» Data for the task:
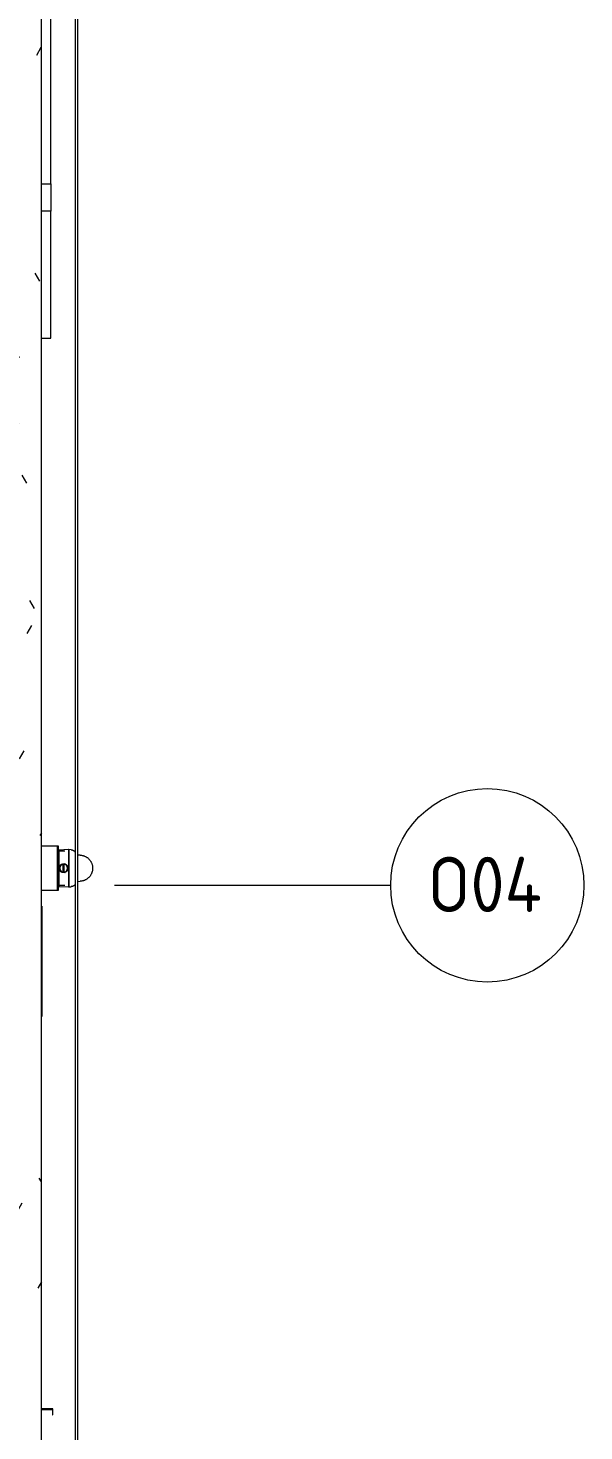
# Model space of a CAD drawing. Header units: millimetres. Extents: x -17526 to 472153, y -45352 to 20466.
# Drawn here: x 455924 to 457937, y 1732 to 6810 of the extents above; entities that cross this region are included whole.
import ezdxf

# ---------------------------------------------------------------- set-up
doc = ezdxf.new("R2010")
doc.units = ezdxf.units.MM
for name, color, linetype, lineweight in [('A-GENM', 13, 'Continuous', 9), ('A-WALL', 113, 'Continuous', 9), ('A-WALL-PATT', 111, 'Continuous', 9), ('E-POWR-CNDT', 130, 'Continuous', 9), ('E-SERT', 181, 'Continuous', 9), ('E-SERT-IDEN', 181, 'Continuous', 9), ('M-HVAC-CDFF', 50, 'Continuous', 9), ('Q-SPCQ', 91, 'Continuous', 9)]:
    doc.layers.add(name, color=color, linetype=linetype, lineweight=lineweight)
doc.styles.add('ISOCPEUR', font='isocpeur.ttf', dxfattribs={"width": 0.9, "height": 200})

# ---------------------------------------------------------------- blocks, each defined once
blk = doc.blocks.new('parapet_ext - parapet_ext-1802102-J-Nový')
at = {"layer": 'Q-SPCQ'}
for p, q in [((96639.6, 1812), (96597.6, 1812)), ((96597.6, 1810), (96637.6, 1810)), ((96637.6, 1810), (96637.6, 1790)), ((96637.6, 1790), (96639.6, 1790)), ((96639.6, 1790), (96639.6, 1812))]:
    blk.add_line(p, q, dxfattribs=at)
blk = doc.blocks.new('Obecné modely 1 - Obecné modely 1-962475-J-Nový')
at = {"layer": 'A-GENM', "color": 11}
for p, q in [((96631.5, 7687.7), (96597.6, 7687.7)), ((96631.5, 7243.5), (96631.5, 7687.7)), ((96597.6, 7243.5), (96631.5, 7243.5)), ((96631.5, 7243.5), (96631.5, 7143.5)), ((96597.6, 7143.5), (96631.5, 7143.5)), ((96631.5, 6246.4), (96631.5, 7143.5)), ((96597.6, 6246.4), (96631.5, 6246.4)), ((96631.5, 6246.4), (96631.5, 6146.9)), ((96631.5, 6146.9), (96597.6, 6146.9)), ((96631.5, 5687.7), (96631.5, 6146.9)), ((96597.6, 5687.7), (96631.5, 5687.7))]:
    blk.add_line(p, q, dxfattribs=at)
blk = doc.blocks.new('DSP_Kamera_nastěnná - Refer to Catalog-V233-J-Nový')
at = {"layer": 'E-SERT', "color": 11}
for p, q in [((96656, 3848.3), (96597.6, 3848.3)), ((96659.2, 3848.3), (96656, 3848.3)), ((96656, 3848.3), (96656, 3689.6)), ((96656, 3689.6), (96656, 3848.3)), ((96659.2, 3689.6), (96659.2, 3848.3)), ((96661.2, 3834.6), (96659.2, 3832.7)), ((96682.1, 3830.9), (96659.2, 3830.9)), ((96695.9, 3836.5), (96661.2, 3834.6)), ((96661.2, 3834.6), (96661.2, 3703.3)), ((96695.9, 3836.5), (96695.9, 3701.5)), ((96696.7, 3835.6), (96695.9, 3835.6)), ((96705.2, 3835.8), (96696.7, 3836.5)), ((96696.7, 3836.5), (96696.7, 3701.4)), ((96719.9, 3816.9), (96718.6, 3816.9)), ((96737.8, 3816.2), (96729.4, 3816.5)), ((96676.5, 3754.6), (96676.5, 3783.3)), ((96679.4, 3783.4), (96679.4, 3754.5)), ((96682.1, 3784.7), (96682.1, 3782.8)), ((96659.2, 3707.1), (96682.1, 3707.1)), ((96682.1, 3754.8), (96682.1, 3753.2)), ((96718.6, 3721), (96719.9, 3721.1)), ((96729.4, 3721.4), (96737.8, 3721.7)), ((96597.6, 3689.6), (96656, 3689.6)), ((96656, 3689.6), (96659.2, 3689.6)), ((96659.2, 3705.3), (96661.2, 3703.3)), ((96661.2, 3703.3), (96695.9, 3701.5)), ((96695.9, 3702.3), (96696.7, 3702.3)), ((96696.7, 3701.4), (96705.2, 3702.1))]:
    blk.add_line(p, q, dxfattribs=at)
at = {"layer": 'E-SERT', "color": 11, "flags": 128}
for points in [[(96705.2, 3835.8), (96706, 3835.8), (96706.8, 3835.6), (96707.6, 3835.5), (96708.4, 3835.3), (96709.2, 3835.1), (96710, 3834.9), (96710.8, 3834.6), (96711.5, 3834.3), (96712.3, 3834), (96713, 3833.6), (96713.7, 3833.2), (96714.4, 3832.8), (96715.1, 3832.3), (96715.8, 3831.9), (96716.4, 3831.4), (96717.1, 3830.8), (96717.7, 3830.3), (96718.2, 3829.7), (96718.8, 3829.1), (96718.8, 3829.1)], [(96718.8, 3829.1), (96719.1, 3828.8), (96719.3, 3828.5), (96719.6, 3828.2)], [(96737.8, 3816.2), (96739.7, 3816.1), (96741.6, 3816), (96743.5, 3815.7), (96745.3, 3815.4), (96747.2, 3815), (96749, 3814.5), (96750.8, 3814), (96752.6, 3813.3), (96754.3, 3812.6), (96756, 3811.9), (96757.7, 3811.1), (96759.4, 3810.2), (96761, 3809.2), (96762.6, 3808.2), (96764.1, 3807.1), (96765.6, 3805.9), (96767.1, 3804.7), (96768.5, 3803.5), (96769.8, 3802.1), (96771.1, 3800.8), (96772.4, 3799.4), (96773.5, 3797.9), (96774.7, 3796.4), (96775.7, 3794.8), (96776.7, 3793.2), (96777.6, 3791.6), (96778.5, 3789.9), (96779.3, 3788.2), (96780, 3786.4), (96780.7, 3784.7), (96781.3, 3782.9), (96781.8, 3781.1), (96782.2, 3779.2), (96782.6, 3777.4), (96782.9, 3775.5), (96783.1, 3773.6), (96783.3, 3771.8), (96783.3, 3769.9), (96783.3, 3769.1)], [(96783.3, 3768.8), (96783.3, 3766.9), (96783.2, 3765), (96783, 3763.2), (96782.7, 3761.3), (96782.4, 3759.4), (96782, 3757.6), (96781.5, 3755.8), (96780.9, 3754), (96780.3, 3752.2), (96779.6, 3750.4), (96778.8, 3748.7), (96778, 3747), (96777.1, 3745.4), (96776.1, 3743.8), (96775.1, 3742.2), (96774, 3740.6), (96772.8, 3739.2), (96771.6, 3737.7), (96770.4, 3736.3), (96769, 3735), (96767.6, 3733.7), (96766.2, 3732.5), (96764.7, 3731.3), (96763.2, 3730.2), (96761.7, 3729.1), (96760, 3728.1), (96758.4, 3727.2), (96756.7, 3726.4), (96755, 3725.6), (96753.3, 3724.9), (96751.5, 3724.2), (96749.7, 3723.6), (96747.9, 3723.1), (96746, 3722.7), (96744.2, 3722.3), (96742.3, 3722.1), (96740.5, 3721.8), (96738.6, 3721.7), (96737.8, 3721.7)], [(96783.3, 3769.1), (96783.3, 3769.1), (96783.3, 3769.1), (96783.3, 3769.1), (96783.3, 3769.1), (96783.3, 3769.1), (96783.3, 3769.1), (96783.3, 3769.1), (96783.3, 3769.1), (96783.3, 3769.1), (96783.3, 3769.1), (96783.3, 3769.1), (96783.3, 3769.1), (96783.3, 3769.1), (96783.3, 3769.1), (96783.3, 3769.1), (96783.3, 3769.1), (96783.3, 3769.1), (96783.3, 3769), (96783.3, 3769), (96783.3, 3769), (96783.3, 3769), (96783.3, 3769), (96783.3, 3769), (96783.3, 3769), (96783.3, 3769), (96783.3, 3769), (96783.3, 3769), (96783.3, 3769), (96783.3, 3769), (96783.3, 3769), (96783.3, 3769), (96783.3, 3769), (96783.3, 3768.9), (96783.3, 3768.9), (96783.3, 3768.9), (96783.3, 3768.9), (96783.3, 3768.9), (96783.3, 3768.9), (96783.3, 3768.9), (96783.3, 3768.9), (96783.3, 3768.9), (96783.3, 3768.9), (96783.3, 3768.9), (96783.3, 3768.9), (96783.3, 3768.9), (96783.3, 3768.9), (96783.3, 3768.9), (96783.3, 3768.9), (96783.3, 3768.8), (96783.3, 3768.8), (96783.3, 3768.8), (96783.3, 3768.8), (96783.3, 3768.8), (96783.3, 3768.8), (96783.3, 3768.8), (96783.3, 3768.8), (96783.3, 3768.8), (96783.3, 3768.8), (96783.3, 3768.8), (96783.3, 3768.8), (96783.3, 3768.8)], [(96783.3, 3768.8), (96783.3, 3768.8), (96783.3, 3768.8), (96783.3, 3768.8), (96783.3, 3768.8), (96783.3, 3768.8), (96783.3, 3768.8), (96783.3, 3768.8), (96783.3, 3768.8), (96783.3, 3768.8), (96783.3, 3768.8), (96783.3, 3768.8), (96783.3, 3768.9), (96783.3, 3768.9), (96783.3, 3768.9), (96783.3, 3768.9), (96783.3, 3768.9), (96783.3, 3768.9), (96783.3, 3768.9), (96783.3, 3768.9), (96783.3, 3768.9), (96783.3, 3768.9), (96783.3, 3768.9), (96783.3, 3768.9), (96783.3, 3768.9), (96783.3, 3768.9), (96783.3, 3768.9), (96783.3, 3768.9), (96783.3, 3768.9), (96783.3, 3769), (96783.3, 3769), (96783.3, 3769), (96783.3, 3769), (96783.3, 3769), (96783.3, 3769), (96783.3, 3769), (96783.3, 3769), (96783.3, 3769), (96783.3, 3769), (96783.3, 3769), (96783.3, 3769), (96783.3, 3769), (96783.3, 3769), (96783.3, 3769), (96783.3, 3769.1), (96783.3, 3769.1), (96783.3, 3769.1), (96783.3, 3769.1), (96783.3, 3769.1), (96783.3, 3769.1), (96783.3, 3769.1), (96783.3, 3769.1), (96783.3, 3769.1), (96783.3, 3769.1), (96783.3, 3769.1), (96783.3, 3769.1), (96783.3, 3769.1), (96783.3, 3769.1), (96783.3, 3769.1), (96783.3, 3769.1), (96783.3, 3769.1), (96783.3, 3769.1)], [(96718.8, 3708.8), (96718.3, 3708.2), (96717.7, 3707.7), (96717.1, 3707.1), (96716.5, 3706.6), (96715.8, 3706.1), (96715.1, 3705.6), (96714.5, 3705.2), (96713.8, 3704.7), (96713, 3704.3), (96712.3, 3704), (96711.6, 3703.6), (96710.8, 3703.3), (96710, 3703.1), (96709.3, 3702.8), (96708.5, 3702.6), (96707.7, 3702.4), (96706.9, 3702.3), (96706.1, 3702.2), (96705.2, 3702.1), (96705.2, 3702.1)], [(96719.6, 3709.8), (96719.4, 3709.5), (96719.1, 3709.2), (96718.9, 3708.9), (96718.8, 3708.8)]]:
    blk.add_lwpolyline(points, dxfattribs=at)
at = {"layer": 'E-SERT', "color": 11}
for centre, radius, start, end in [((96678.6, 3769), 14.5, 97.9736, 262.0264), ((96678, 3769), 14.5, 275.7084, 84.2916), ((96677.9, 3769), 16.2, 66.629, 71.9422), ((96678, 3769), 14.5, 56.1944, 70.243), ((96678, 3769), 14.5, 289.757, 314.9782), ((96678, 3769), 14.5, 14.0486, 42.1458), ((96678, 3769), 14.5, 331.9028, 0), ((96677.9, 3769), 16.2, 6.7694, 12.0093), ((96677.9, 3769), 16.2, 347.9805, 353.2174), ((96677.9, 3769), 16.2, 288.0552, 293.3726)]:
    blk.add_arc(centre, radius, start, end, dxfattribs=at)
for points, knots in [([(96677.9, 3752.8), (96676, 3752.8), (96673.2, 3753.3), (96670.2, 3754.7), (96668.6, 3755.7), (96667.5, 3756.6), (96666.5, 3757.5), (96665.5, 3758.6), (96664.7, 3759.7), (96663.9, 3760.9), (96663.3, 3762.1), (96662.5, 3763.9), (96661.7, 3767), (96661.7, 3770.9), (96662.5, 3774.1), (96663.3, 3775.8), (96663.9, 3777.1), (96664.7, 3778.3), (96665.5, 3779.4), (96666.5, 3780.4), (96667.5, 3781.4), (96668.6, 3782.2), (96670.2, 3783.2), (96673.2, 3784.6), (96676, 3785.1), (96677.9, 3785.1)], [-1, -1, -1, -1, -0.888889, -0.833333, -0.805556, -0.777778, -0.75, -0.722222, -0.694444, -0.666667, -0.638889, -0.611111, -0.555556, -0.444444, -0.388889, -0.361111, -0.333333, -0.305556, -0.277778, -0.25, -0.222222, -0.194444, -0.166667, -0.111111, 0, 0, 0, 0]), ([(96677.9, 3785.1), (96678.9, 3785.1), (96680.8, 3785), (96683, 3784.4), (96684.8, 3783.6), (96686, 3783), (96687.2, 3782.2), (96688.3, 3781.4), (96689.4, 3780.4), (96690.3, 3779.4), (96691.2, 3778.3), (96691.9, 3777.1), (96692.6, 3775.8), (96693.3, 3774.1), (96693.9, 3771.8), (96694.2, 3769), (96693.9, 3766.1), (96693.3, 3763.8), (96692.6, 3762.1), (96691.9, 3760.8), (96691.2, 3759.7), (96690.3, 3758.5), (96689.4, 3757.5), (96688.3, 3756.6), (96687.2, 3755.7), (96686, 3754.9), (96684.8, 3754.3), (96683, 3753.6), (96680.8, 3753), (96678.9, 3752.8), (96677.9, 3752.8)], [-1, -1, -1, -1, -0.944444, -0.888889, -0.861111, -0.833333, -0.805556, -0.777778, -0.75, -0.722222, -0.694444, -0.666667, -0.638889, -0.611111, -0.555556, -0.5, -0.444444, -0.388889, -0.361111, -0.333333, -0.305556, -0.277778, -0.25, -0.222222, -0.194444, -0.166667, -0.138889, -0.111111, -0.055556, 0, 0, 0, 0])]:
    blk.add_open_spline(points, degree=3, knots=knots, dxfattribs=at)
blk = doc.blocks.new('PRAV ochranná mříž_ napájení - Standardní-1168067-J-Nový')
at = {"layer": 'M-HVAC-CDFF', "color": 11}
for p, q in [((96597.6, 3632), (96599.6, 3632)), ((96599.6, 3632), (96599.6, 3232)), ((96597.6, 3232), (96599.6, 3232))]:
    blk.add_line(p, q, dxfattribs=at)
blk = doc.blocks.new('Popiska zabezpečovací zařízení - Popiska okna_Bublina-1427579-J-Nový')
at = {"layer": 'E-SERT-IDEN'}
blk.add_circle((9114.6, 6890.4), 350, dxfattribs=at)

msp = doc.modelspace()

# ---------------------------------------------------------------- hatches: boundary and pattern name
at = {"layer": 'A-WALL-PATT'}
h = msp.add_hatch(dxfattribs=at)
h.set_pattern_fill('FP_135', color=11, style=0, pattern_type=2)
h.set_pattern_definition([(0, (337933.75, 0), (812.8, 203.2), [33.528, -576.072, 33.528, -576.072, -3251.2]), (0, (337933.75, 0), (812.8, 203.2), [-1219.2, 33.528, -1185.672, 33.528, -576.072, -1422.4]), (0, (337933.75, 0), (812.8, 203.2), [-3048, 33.528, -372.872, 33.528, -982.472]), (120, (338238.55, 101.6), (-582.37636, 602.30545), [33.528, -576.072, 33.528, -3827.272]), (120, (338238.55, 101.6), (-582.37636, 602.30545), [-643.128, -576.072, 33.528, -1185.672, -2032]), (120, (338238.55, 101.6), (-582.37636, 602.30545), [-2438.4, 33.528, -576.072, 33.528, -1388.872]), (120, (338238.55, 101.6), (-582.37636, 602.30545), [-3081.528, -372.872, 33.528, -982.472]), (240, (338340.15, 508), (-230.42364, -805.50545), [33.528, -576.072, 33.528, -576.072, -3251.2]), (240, (338340.15, 508), (-230.42364, -805.50545), [-1219.2, 33.528, -1185.672, 33.528, -576.072, -1422.4]), (240, (338340.15, 508), (-230.42364, -805.50545), [-3048, 33.528, -372.872, 33.528, -982.472])])
h.paths.add_polyline_path([(455972.2, 530), (455972.2, 8045.6), (455714.2, 8045.6), (455714.2, 7619.8), (455818.2, 7619), (455820.4, 7616.8), (455821.2, 7613.8), (455820.4, 7418.6), (455818.2, 7416.4), (455814.5, 7415.6), (455779.2, 7415.6), (455779.2, 3778.8), (455783, 3778.3), (455785.1, 3777.8), (455789.3, 3772.3), (455788.4, 3765.5), (455787.4, 3764.8), (455789.3, 3761.3), (455788.4, 3755.5), (455783, 3751.3), (455779.2, 3751.3), (455779.2, 530)])

# ---------------------------------------------------------------- linework, layer by layer
at = {"layer": 'A-WALL', "color": 11}
msp.add_line((455972.2, 530), (455972.2, 8045.8), dxfattribs=at)
at = {"layer": 'E-POWR-CNDT', "color": 11}
for p, q in [((456094.1, 8186), (456094.1, 447.2)), ((456104.1, 447.2), (456104.1, 8186))]:
    msp.add_line(p, q, dxfattribs=at)
at = {"layer": 'E-SERT-IDEN'}
msp.add_line((456237.2, 3707.1), (457237.2, 3707.1), dxfattribs=at)

# ---------------------------------------------------------------- block references
at = {"layer": 'A-GENM', "color": 11}
msp.add_blockref('Obecné modely 1 - Obecné modely 1-962475-J-Nový', (359374.6, 0), dxfattribs=at)
at = {"layer": 'E-SERT', "color": 11}
msp.add_blockref('DSP_Kamera_nastěnná - Refer to Catalog-V233-J-Nový', (359374.6, 0), dxfattribs=at)
at = {"layer": 'E-SERT-IDEN'}
msp.add_blockref('Popiska zabezpečovací zařízení - Popiska okna_Bublina-1427579-J-Nový', (448472.6, -3183.4), dxfattribs=at)
at = {"layer": 'M-HVAC-CDFF', "color": 11}
msp.add_blockref('PRAV ochranná mříž_ napájení - Standardní-1168067-J-Nový', (359374.6, 0), dxfattribs=at)
at = {"layer": 'Q-SPCQ'}
msp.add_blockref('parapet_ext - parapet_ext-1802102-J-Nový', (359374.6, 0), dxfattribs=at)

# ---------------------------------------------------------------- texts
at = {"layer": 'E-SERT-IDEN', "insert": (457371.4, 3810.2), "char_height": 200, "width": 519.493, "attachment_point": 1, "style": 'ISOCPEUR'}
msp.add_mtext('O04', dxfattribs=at)

doc.saveas('drawing.dxf')

» Your objective: Return word for word the lines above from the line with "import ezdxf" to the line with "doc.units = ezdxf.units.MM", including both and leaving out all others.

» The answer:
import ezdxf

# ---------------------------------------------------------------- set-up
doc = ezdxf.new("R2010")
doc.units = ezdxf.units.MM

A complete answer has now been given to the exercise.